It is worth saying something about the social position of beggars, for when one has consorted with them, and found that they are ordinary human beings, one cannot help being struck by the curious attitude that society takes towards them. People seem to feel that there is some essential difference between beggars and ordinary ‘working’ men. They are a race apart–outcasts, like criminals and prostitutes. Working men ‘work’, beggars do not ‘work’; they are parasites, worthless in their very nature. It is taken for granted that a beggar does not ‘earn’ his living, as a bricklayer or a literary critic ‘earns’ his. He is a mere social excrescence, tolerated because we live in a humane age, but essentially despicable.
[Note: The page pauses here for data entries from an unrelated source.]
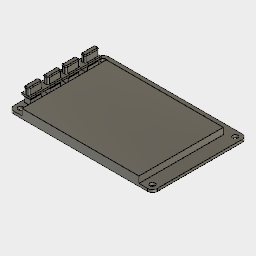
2423 PiTFT 2.8 (Autodesk Fusion 360 design; units mm, degrees)
Autodesk Fusion 360 part; units mm, degrees
note: some values were not read from the file. Chosen so that the rebuilt part matches the saved one: which face or edge a step refers to.
sketch "pcb" plane through (0, 0, 0) normal (0, 0, 1) x (1, 0, 0)
  line L0 (0, 0) -> (85, 0)
  line L1 (85, 0) -> (85, -56)
  line L2 (85, -56) -> (0, -56)
  line L3 (0, -56) -> (0, 0)
  circle A0 centre (3.5, -3.5) radius 1.5
  line L4 (42.5, 0) -> (42.5, -56) construction
  line L5 (85, -28) -> (0, -28) construction
  circle A1 centre (81.5, -3.5) radius 1.5
  circle A2 centre (3.5, -52.5) radius 1.5
  circle A3 centre (81.5, -52.5) radius 1.5
  line L6 (7.8, -6.1) -> (77, -6.1)
  line L7 (77, -6.1) -> (77, -56)
  line L8 (77, -56) -> (7.8, -56)
  line L9 (7.8, -56) -> (7.8, -6.1)
  line L10 (10.2, -8.5) -> (69.7, -8.5)
  line L11 (69.7, -8.5) -> (69.7, -53.5)
  line L12 (69.7, -53.5) -> (10.2, -53.5)
  line L13 (10.2, -53.5) -> (10.2, -8.5)
  line L14 (5.25, -48.3) -> (1.75, -48.3)
  line L15 (1.75, -48.3) -> (1.75, -42.1)
  line L16 (1.75, -42.1) -> (5.25, -42.1)
  line L17 (5.25, -42.1) -> (5.25, -48.3)
  line L18 (5.25, -48.3) -> (1.75, -42.1) construction
  line L19 (1.75, -48.3) -> (5.25, -42.1) construction
  line L20 (5.25, -36.87) -> (1.75, -36.87)
  line L21 (1.75, -36.87) -> (1.75, -30.67)
  line L22 (1.75, -30.67) -> (5.25, -30.67)
  line L23 (5.25, -30.67) -> (5.25, -36.87)
  line L24 (5.25, -36.87) -> (1.75, -30.67) construction
  line L25 (1.75, -36.87) -> (5.25, -30.67) construction
  line L26 (5.25, -26.08) -> (1.75, -26.08)
  line L27 (1.75, -26.08) -> (1.75, -19.88)
  line L28 (1.75, -19.88) -> (5.25, -19.88)
  line L29 (5.25, -19.88) -> (5.25, -26.08)
  line L30 (5.25, -26.08) -> (1.75, -19.88) construction
  line L31 (1.75, -26.08) -> (5.25, -19.88) construction
  line L32 (5.25, -14.65) -> (1.75, -14.65)
  line L33 (1.75, -14.65) -> (1.75, -8.45)
  line L34 (1.75, -8.45) -> (5.25, -8.45)
  line L35 (5.25, -8.45) -> (5.25, -14.65)
  line L36 (5.25, -14.65) -> (1.75, -8.45) construction
  line L37 (1.75, -14.65) -> (5.25, -8.45) construction
  circle A4 centre (61.5, -3.5) radius 1.5
  line L38 (57.8, -5.8) -> (7.2, -5.8)
  line L39 (7.2, -5.8) -> (7.2, -0.8)
  line L40 (7.2, -0.8) -> (57.8, -0.8)
  line L41 (57.8, -0.8) -> (57.8, -5.8)
  line L42 (57.8, -5.8) -> (7.2, -0.8) construction
  line L43 (7.2, -5.8) -> (57.8, -0.8) construction
  point P0 (3.5, -45.2)
  point P1 (3.5, -33.77)
  point P2 (3.5, -22.98)
  point P3 (3.5, -11.55)
  point P4 (32.5, -3.3)
  dimension "d1" = 85
  dimension "d2" = 56
  dimension "d3" = 3
  dimension "d4" = 3.5
  dimension "d5" = 3.5
  dimension "d6" = 69.2
  dimension "d7" = 49.9
  dimension "d8" = 7.8
  dimension "d9" = 45
  dimension "d10" = 59.5
  dimension "d11" = 2.4
  dimension "d12" = 2.4
  dimension "d13" = 6.2
  dimension "d14" = 3.5
  dimension "d15" = 3.5
  dimension "d16" = 10.8
  dimension "d17" = 6.2
  dimension "d18" = 3.5
  dimension "d20" = 22.23
  dimension "d21" = 6.2
  dimension "d22" = 3.5
  dimension "d23" = 33.02
  dimension "d24" = 3.5
  dimension "d25" = 6.2
  dimension "d26" = 44.45
  dimension "d34" = 3
  dimension "d35" = 58
  dimension "d92" = 50.6
  dimension "d93" = 5
  dimension "d94" = 0.8
  dimension "d95" = 7.2
  measures "d1" distance of L0.start L0.end
  measures "d2" distance of L0.start L2.end
  measures "d3" diameter of A0
  measures "d4" distance of L3 A0.centre
  measures "d5" distance of L0 A0.centre
  measures "d6" distance of L6.start L6.end
  measures "d7" distance of L6.start L8.end
  measures "d8" distance of L3 L9
  measures "d9" distance of L10.start L12.end
  measures "d10" distance of L10.start L10.end
  measures "d11" distance of L6 L10
  measures "d12" distance of L9 L13
  measures "d13" distance of L14.end L15.end
  measures "d14" distance of L15.end L16.end
  measures "d15" distance of L3 P0
  measures "d16" distance of L2 P0
  measures "d17" distance of L20.end L21.end
  measures "d18" distance of L21.end L22.end
  measures "d20" distance of L2 P1
  measures "d21" distance of L26.end L27.end
  measures "d22" distance of L27.end L28.end
  measures "d23" distance of L2 P2
  measures "d24" distance of L33.end L34.end
  measures "d25" distance of L32.end L33.end
  measures "d26" distance of L2 P3
  measures "d34" diameter of A4
  measures "d35" distance of A0.centre A4.centre
  measures "d92" distance of L39.end L40.end
  measures "d93" distance of L38.end L39.end
  measures "d94" distance of L0 L40
  measures "d95" distance of L3 L39
extrude "Extrude1" add sketch "pcb" against normal blind 1.6 contours L0 L1 L2 L3 L6 L7 L9 | L2 L6 L7 L8 L9 | L10 L11 L12 L13 | L14 L15 L16 L17 | L20 L21 L22 L23 | L26 L27 L28 L29 | L32 L33 L34 L35 | L38 L39 L40 L41 makes body 1
extrude "Extrude2" add sketch "pcb" along normal blind 3.8 contours L2 L6 L7 L8 L9 | L10 L11 L12 L13 bodies 1
extrude "Extrude3" add sketch "pcb" along normal blind 3 contours L14 L15 L16 L17 | L20 L21 L22 L23 | L26 L27 L28 L29 | L32 L33 L34 L35 bodies 1
fillet "Fillet1" radius 3 4 edges at (0, 0, -0.8) (0, -56, -0.8) (85, -56, -0.8) (85, 0, -0.8) on bodies 1
sketch "mount" plane through (0, 0, 0) normal (0, 0, 1) x (1, 0, 0)
  line L0 (0, 0) -> (85, 0)
  line L1 (85, 0) -> (85, -56)
  line L2 (85, -56) -> (0, -56)
  line L3 (0, -56) -> (0, 0)
  circle A0 centre (3.5, -3.5) radius 1.4
  circle A1 centre (61.5, -3.5) radius 1.5
  line L4 (42.5, 0) -> (42.5, -56) construction
  line L5 (0, -28) -> (85, -28) construction
  circle A2 centre (81.5, -3.5) radius 1.4
  circle A3 centre (3.5, -52.5) radius 1.4
  circle A4 centre (81.5, -52.5) radius 1.4
  line L6 (87, -58) -> (-2, -58)
  line L7 (-2, -58) -> (-2, 2)
  line L8 (-2, 2) -> (87, 2)
  line L9 (87, 2) -> (87, -58)
  line L10 (1, -6) -> (6, -6)
  line L11 (6, -6) -> (6, -50.5)
  line L12 (6, -50.5) -> (1, -50.5)
  line L13 (1, -50.5) -> (1, -6)
  dimension "d36" = 85
  dimension "d37" = 56
  dimension "d38" = 2.8
  dimension "d39" = 3.5
  dimension "d40" = 3.5
  dimension "d41" = 3
  dimension "d42" = 58
  dimension "d43" = 5
  dimension "d44" = 44.5
  measures "d36" distance of L0.start L0.end
  measures "d37" distance of L0.start L2.end
  measures "d38" diameter of A0
  measures "d39" distance of L3 A0.centre
  measures "d40" distance of L0 A0.centre
  measures "d41" diameter of A1
  measures "d42" distance of A0.centre A1.centre
  measures "d43" distance of L10.start L10.end
  measures "d44" distance of L10.start L12.end
sketch "buttons" plane through (0, 0, 0) normal (0, 0, 1) x (1, 0, 0)
  line L0 (4, -16.3) -> (3, -16.3)
  line L1 (1.5, -14.8) -> (1.5, -8.3)
  line L2 (3, -6.8) -> (4, -6.8)
  line L3 (5.5, -8.3) -> (5.5, -14.8)
  line L4 (5.5, -16.3) -> (1.5, -6.8) construction
  line L5 (1.5, -16.3) -> (5.5, -6.8) construction
  line L6 (4, -27.73) -> (3, -27.73)
  line L7 (1.5, -26.23) -> (1.5, -19.73)
  line L8 (3, -18.23) -> (4, -18.23)
  line L9 (5.5, -19.73) -> (5.5, -26.23)
  line L10 (5.5, -27.73) -> (1.5, -18.23) construction
  line L11 (1.5, -27.73) -> (5.5, -18.23) construction
  line L12 (4, -38.52) -> (3, -38.52)
  line L13 (1.5, -37.02) -> (1.5, -30.52)
  line L14 (3, -29.02) -> (4, -29.02)
  line L15 (5.5, -30.52) -> (5.5, -37.02)
  line L16 (5.5, -38.52) -> (1.5, -29.02) construction
  line L17 (1.5, -38.52) -> (5.5, -29.02) construction
  line L18 (4, -49.95) -> (3, -49.95)
  line L19 (1.5, -48.45) -> (1.5, -41.95)
  line L20 (3, -40.45) -> (4, -40.45)
  line L21 (5.5, -41.95) -> (5.5, -48.45)
  line L22 (5.5, -49.95) -> (1.5, -40.45) construction
  line L23 (1.5, -49.95) -> (5.5, -40.45) construction
  arc A0 (3, -6.8) -> (1.5, -8.3) centre (3, -8.3) ccw
  arc A1 (5.5, -8.3) -> (4, -6.8) centre (4, -8.3) ccw
  arc A2 (4, -16.3) -> (5.5, -14.8) centre (4, -14.8) ccw
  arc A3 (1.5, -14.8) -> (3, -16.3) centre (3, -14.8) ccw
  arc A4 (3, -18.23) -> (1.5, -19.73) centre (3, -19.73) ccw
  arc A5 (5.5, -19.73) -> (4, -18.23) centre (4, -19.73) ccw
  arc A6 (4, -27.73) -> (5.5, -26.23) centre (4, -26.23) ccw
  arc A7 (1.5, -26.23) -> (3, -27.73) centre (3, -26.23) ccw
  arc A8 (5.5, -30.52) -> (4, -29.02) centre (4, -30.52) ccw
  arc A9 (3, -29.02) -> (1.5, -30.52) centre (3, -30.52) ccw
  arc A10 (1.5, -37.02) -> (3, -38.52) centre (3, -37.02) ccw
  arc A11 (4, -38.52) -> (5.5, -37.02) centre (4, -37.02) ccw
  arc A12 (3, -40.45) -> (1.5, -41.95) centre (3, -41.95) ccw
  arc A13 (5.5, -41.95) -> (4, -40.45) centre (4, -41.95) ccw
  arc A14 (4, -49.95) -> (5.5, -48.45) centre (4, -48.45) ccw
  arc A15 (1.5, -48.45) -> (3, -49.95) centre (3, -48.45) ccw
  arc A16 (5, -8.3) -> (4, -7.3) centre (4, -8.3) ccw
  line L24 (3, -7.3) -> (4, -7.3)
  arc A17 (3, -7.3) -> (2, -8.3) centre (3, -8.3) ccw
  line L25 (2, -14.8) -> (2, -8.3)
  arc A18 (2, -14.8) -> (3, -15.8) centre (3, -14.8) ccw
  line L26 (4, -15.8) -> (3, -15.8)
  arc A19 (4, -15.8) -> (5, -14.8) centre (4, -14.8) ccw
  line L27 (5, -8.3) -> (5, -14.8)
  line L28 (3, -18.73) -> (4, -18.73)
  arc A20 (5, -19.73) -> (4, -18.73) centre (4, -19.73) ccw
  line L29 (5, -19.73) -> (5, -26.23)
  arc A21 (4, -27.23) -> (5, -26.23) centre (4, -26.23) ccw
  line L30 (4, -27.23) -> (3, -27.23)
  arc A22 (2, -26.23) -> (3, -27.23) centre (3, -26.23) ccw
  line L31 (2, -26.23) -> (2, -19.73)
  arc A23 (3, -18.73) -> (2, -19.73) centre (3, -19.73) ccw
  arc A24 (5, -30.52) -> (4, -29.52) centre (4, -30.52) ccw
  line L32 (3, -29.52) -> (4, -29.52)
  arc A25 (3, -29.52) -> (2, -30.52) centre (3, -30.52) ccw
  line L33 (2, -37.02) -> (2, -30.52)
  arc A26 (2, -37.02) -> (3, -38.02) centre (3, -37.02) ccw
  line L34 (4, -38.02) -> (3, -38.02)
  arc A27 (4, -38.02) -> (5, -37.02) centre (4, -37.02) ccw
  line L35 (5, -30.52) -> (5, -37.02)
  arc A28 (5, -41.95) -> (4, -40.95) centre (4, -41.95) ccw
  line L36 (3, -40.95) -> (4, -40.95)
  arc A29 (3, -40.95) -> (2, -41.95) centre (3, -41.95) ccw
  line L37 (2, -48.45) -> (2, -41.95)
  arc A30 (2, -48.45) -> (3, -49.45) centre (3, -48.45) ccw
  line L38 (4, -49.45) -> (3, -49.45)
  arc A31 (4, -49.45) -> (5, -48.45) centre (4, -48.45) ccw
  line L39 (5, -41.95) -> (5, -48.45)
  point P0 (3.5, -11.55)
  point P1 (3.5, -11.55)
  point P2 (3.5, -22.98)
  point P3 (3.5, -22.98)
  point P4 (3.5, -33.77)
  point P5 (3.5, -33.77)
  point P6 (3.5, -45.2)
  point P7 (3.5, -45.2)
  dimension "d45" = 9.5
  dimension "d46" = 4
  dimension "d47" = 4
  dimension "d48" = 9.5
  dimension "d49" = 4
  dimension "d50" = 9.5
  dimension "d51" = 9.5
  dimension "d52" = 4
  dimension "d53" = 1.5
  dimension "d54" = 1.5
  dimension "d55" = 1.5
  dimension "d56" = 1.5
  dimension "d57" = 1.5
  dimension "d58" = 1.5
  dimension "d59" = 1.5
  dimension "d60" = 1.5
  dimension "d61" = 1.5
  dimension "d62" = 1.5
  dimension "d63" = 1.5
  dimension "d64" = 1.5
  dimension "d65" = 1.5
  dimension "d66" = 1.5
  dimension "d67" = 1.5
  dimension "d68" = 1.5
  measures "d45" distance of L5.start L4.end
  measures "d46" distance of L4.end L5.end
  measures "d47" distance of L10.end L11.end
  measures "d48" distance of L11.start L10.end
  measures "d49" distance of L16.end L17.end
  measures "d50" distance of L17.start L16.end
  measures "d51" distance of L23.start L22.end
  measures "d52" distance of L22.end L23.end
  measures "d53" radius of A0
  measures "d54" radius of A1
  measures "d55" radius of A2
  measures "d56" radius of A3
  measures "d57" radius of A4
  measures "d58" radius of A5
  measures "d59" radius of A6
  measures "d60" radius of A7
  measures "d61" radius of A8
  measures "d62" radius of A9
  measures "d63" radius of A10
  measures "d64" radius of A11
  measures "d65" radius of A12
  measures "d66" radius of A13
  measures "d67" radius of A14
  measures "d68" radius of A15
extrude "Extrude4" add sketch "mount" along normal blind 1.5 separate body contours L0 L1 L2 L3 | A0 | A1 | A2 | A3 | A4 | L6 L7 L8 L9 | L10 L11 L12 L13 makes body 2
extrude "Extrude5" cut sketch "buttons" along normal up to surface (1.5 mm away) contours L0 L1 L2 L3 A0 A1 A2 A3 | L6 L7 L8 L9 A4 A5 A6 A7 | L12 L13 L14 L15 A8 A9 A10 A11 | L18 L19 L20 L21 A12 A13 A14 A15 | A16 L24 A17 L25 A18 L26 A19 L27 | L28 A20 L29 A21 L30 A22 L31 A23 | A24 L32 A25 L33 A26 L34 A27 L35 | A28 L36 A29 L37 A30 L38 A31 L39 bodies 2
extrude "Extrude6" cut sketch "pcb" along normal up to surface (1.5 mm away) contours L10 L11 L12 L13 bodies 2
fillet "Fillet2" radius 2 8 edges at (-2, -58, 0.75) (10.2, -53.5, 0.75) (10.2, -8.5, 0.75) (-2, 2, 0.75) (87, -58, 0.75) (69.7, -53.5, 0.75) (69.7, -8.5, 0.75) (87, 2, 0.75) on bodies 2
move_body "MoveBody1" bodies 2 to x (1, 0, 0) y (0, 1, 0) z (0, 0, 1) at (0, 0, 3.8)
extrude "Extrude8" add sketch "mount" along normal blind 1 separate body contours L10 L11 L12 L13 makes body 3
extrude "Extrude9" add sketch "buttons" along normal blind 5 contours A16 L24 A17 L25 A18 L26 A19 L27 | L28 A20 L29 A21 L30 A22 L31 A23 | A24 L32 A25 L33 A26 L34 A27 L35 | A28 L36 A29 L37 A30 L38 A31 L39 bodies 3
fillet "Fillet3" radius 0.5 32 edges at (4.7071, -15.5071, 5) (5, -11.55, 5) (4.7071, -7.5929, 5) (3.5, -7.3, 5) (2.2929, -7.5929, 5) (2, -11.55, 5) (2.2929, -15.5071, 5) (3.5, -15.8, 5) (3.5, -27.23, 5) (4.7071, -26.9371, 5) (5, -22.98, 5) (4.7071, -19.0229, 5) (3.5, -18.73, 5) (2.2929, -19.0229, 5) (2, -22.98, 5) (2.2929, -26.9371, 5) (3.5, -38.02, 5) (4.7071, -37.7271, 5) (5, -33.77, 5) (4.7071, -29.8129, 5) (3.5, -29.52, 5) (2.2929, -29.8129, 5) (2, -33.77, 5) (2.2929, -37.7271, 5) (3.5, -49.45, 5) (4.7071, -49.1571, 5) (5, -45.2, 5) (4.7071, -41.2429, 5) (3.5, -40.95, 5) (2.2929, -41.2429, 5) (2, -45.2, 5) (2.2929, -49.1571, 5) on bodies 3
move_body "MoveBody3" bodies 2 to x (1, 0, 0) y (0, 1, 0) z (0, 0, 1) at (0, 0, 1.5)
move_body "MoveBody2" bodies 3 to x (1, 0, 0) y (0, 1, 0) z (0, 0, 1) at (0, 0, 4.3)
sketch "screen holder" plane through (0, 0, 0) normal (0, 0, 1) x (1, 0, 0)
  line L0 (7.8, -6.1) -> (77, -6.1)
  line L1 (77, -6.1) -> (77, -56)
  line L2 (77, -56) -> (7.8, -56)
  line L3 (7.8, -56) -> (7.8, -6.1)
  line L4 (78.5, -57.5) -> (6.3, -57.5)
  line L5 (6.3, -57.5) -> (6.3, -4.6)
  line L6 (6.3, -4.6) -> (78.5, -4.6)
  line L7 (78.5, -4.6) -> (78.5, -57.5)
  line L8 (77.2, -56.2) -> (7.6, -56.2)
  line L9 (7.6, -56.2) -> (7.6, -5.9)
  line L10 (7.6, -5.9) -> (77.2, -5.9)
  line L11 (77.2, -5.9) -> (77.2, -56.2)
  line L12 (77.4, -56.4) -> (7.4, -56.4)
  line L13 (7.4, -56.4) -> (7.4, -5.7)
  line L14 (7.4, -5.7) -> (77.4, -5.7)
  line L15 (77.4, -5.7) -> (77.4, -56.4)
  point P0 (7.8, -6.1)
  point P1 (77, -56)
extrude "Extrude10" add sketch "screen holder" along normal blind 5.3 and the other way blind -1 contours L4 L5 L6 L7 | L8 L9 L10 L11 | L12 L13 L14 L15 bodies 2
extrude "Extrude11" cut sketch "screen holder" along normal up to surface (5.3 mm away) contours L0 L1 L2 L3 | L8 L9 L10 L11 bodies 2
extrude "Extrude12" add sketch "mount" along normal blind 5.3 and the other way blind 1.6 contours A0 | A2 | A3 | A4 bodies 2
move_face "OffsetFaces1" offset 1.5 1 faces at (74.7, -37.8667, 5.3) on bodies 2
chamfer "Chamfer1" distance 1.5 angle 45 8 edges at (39.95, -8.5, 6.8) (10.7858, -9.0858, 6.8) (10.2, -31, 6.8) (10.7858, -52.9142, 6.8) (39.95, -53.5, 6.8) (69.1142, -52.9142, 6.8) (69.7, -31, 6.8) (69.1142, -9.0858, 6.8) on bodies 2
extrude "Extrude13" add sketch "pcb" against normal blind 15 contours L38 L39 L40 L41 bodies 1
move_face "OffsetFaces2" offset -1.05 1 faces at (4.3333, -50.5, 4.6333) on bodies 3
move_face "OffsetFaces3" offset -1.3 1 faces at (2.6667, -6, 4.6333) on bodies 3
hidden bodies 2
named bodies: "screen pcb", "mount", "pitft buttons"

Yet if one looks closely one sees that there is no essential difference between a beggar’s livelihood and that of numberless respectable people. Beggars do not work, it is said; but, then, what is work? A navvy works by swinging a pick. An accountant works by adding up figures. A beggar works by standing out of doors in all weathers and getting varicose veins, chronic bronchitis, etc. It is a trade like any other; quite useless, of course–but, then, many reputable trades are quite useless. And as a social type a beggar compares well with scores of others. He is honest compared with the sellers of most patent medicines, high-minded compared with a Sunday newspaper proprietor, amiable compared with a hire-purchase tout–in short, a parasite, but a fairly harmless parasite. He seldom extracts more than a bare living from the community, and, what should justify him according to our ethical ideas, he pays for it over and over in suffering. I do not think there is anything about a beggar that sets him in a different class from other people, or gives most modern men the right to despise him.
Then the question arises, Why are beggars despised? – for they are despised, universally. I believe it is for the simple reason that they fail to earn a decent living. In practice nobody cares whether work is useful or useless, productive or parasitic; the sole thing demanded is that it shall be profitable. In all the modern talk about energy, efficiency, social service and the rest of it, what meaning is there except ‘Get money, get it legally, and get a lot of it’? Money has become the grand test of virtue. By this test beggars fail, and for this they are despised. If one could earn even ten pounds a week at begging, it would become a respectable profession immediately. A beggar, looked at realistically, is simply a businessman, getting his living, like other business men, in the way that comes to hand. He has not, more than most modern people, sold his honour; he has merely made the mistake of choosing a trade at which it is impossible to grow rich.

XXXII

I WANT TO PUT IN some notes, as short as possible, on London slang and swearing. These (omitting the ones that everyone knows) are some of the cant words now used in London:
A gagger–a beggar or street performer of any kind. A moocher–one who begs outright, without pretence of doing a trade. A nobber–one who collects pennies for a beggar. A chanter–a street singer. A clodhopper–a street dancer. A mugfaker–a street photographer. A glimmer–one who watches vacant motor-cars. A gee (or jee–it is pronounced jee)–the accomplice of a cheapjack, who stimulates trade by pretending to buy something. A split–a detective. A flattie–a policeman. A didecai–a gypsy. A toby–a tramp.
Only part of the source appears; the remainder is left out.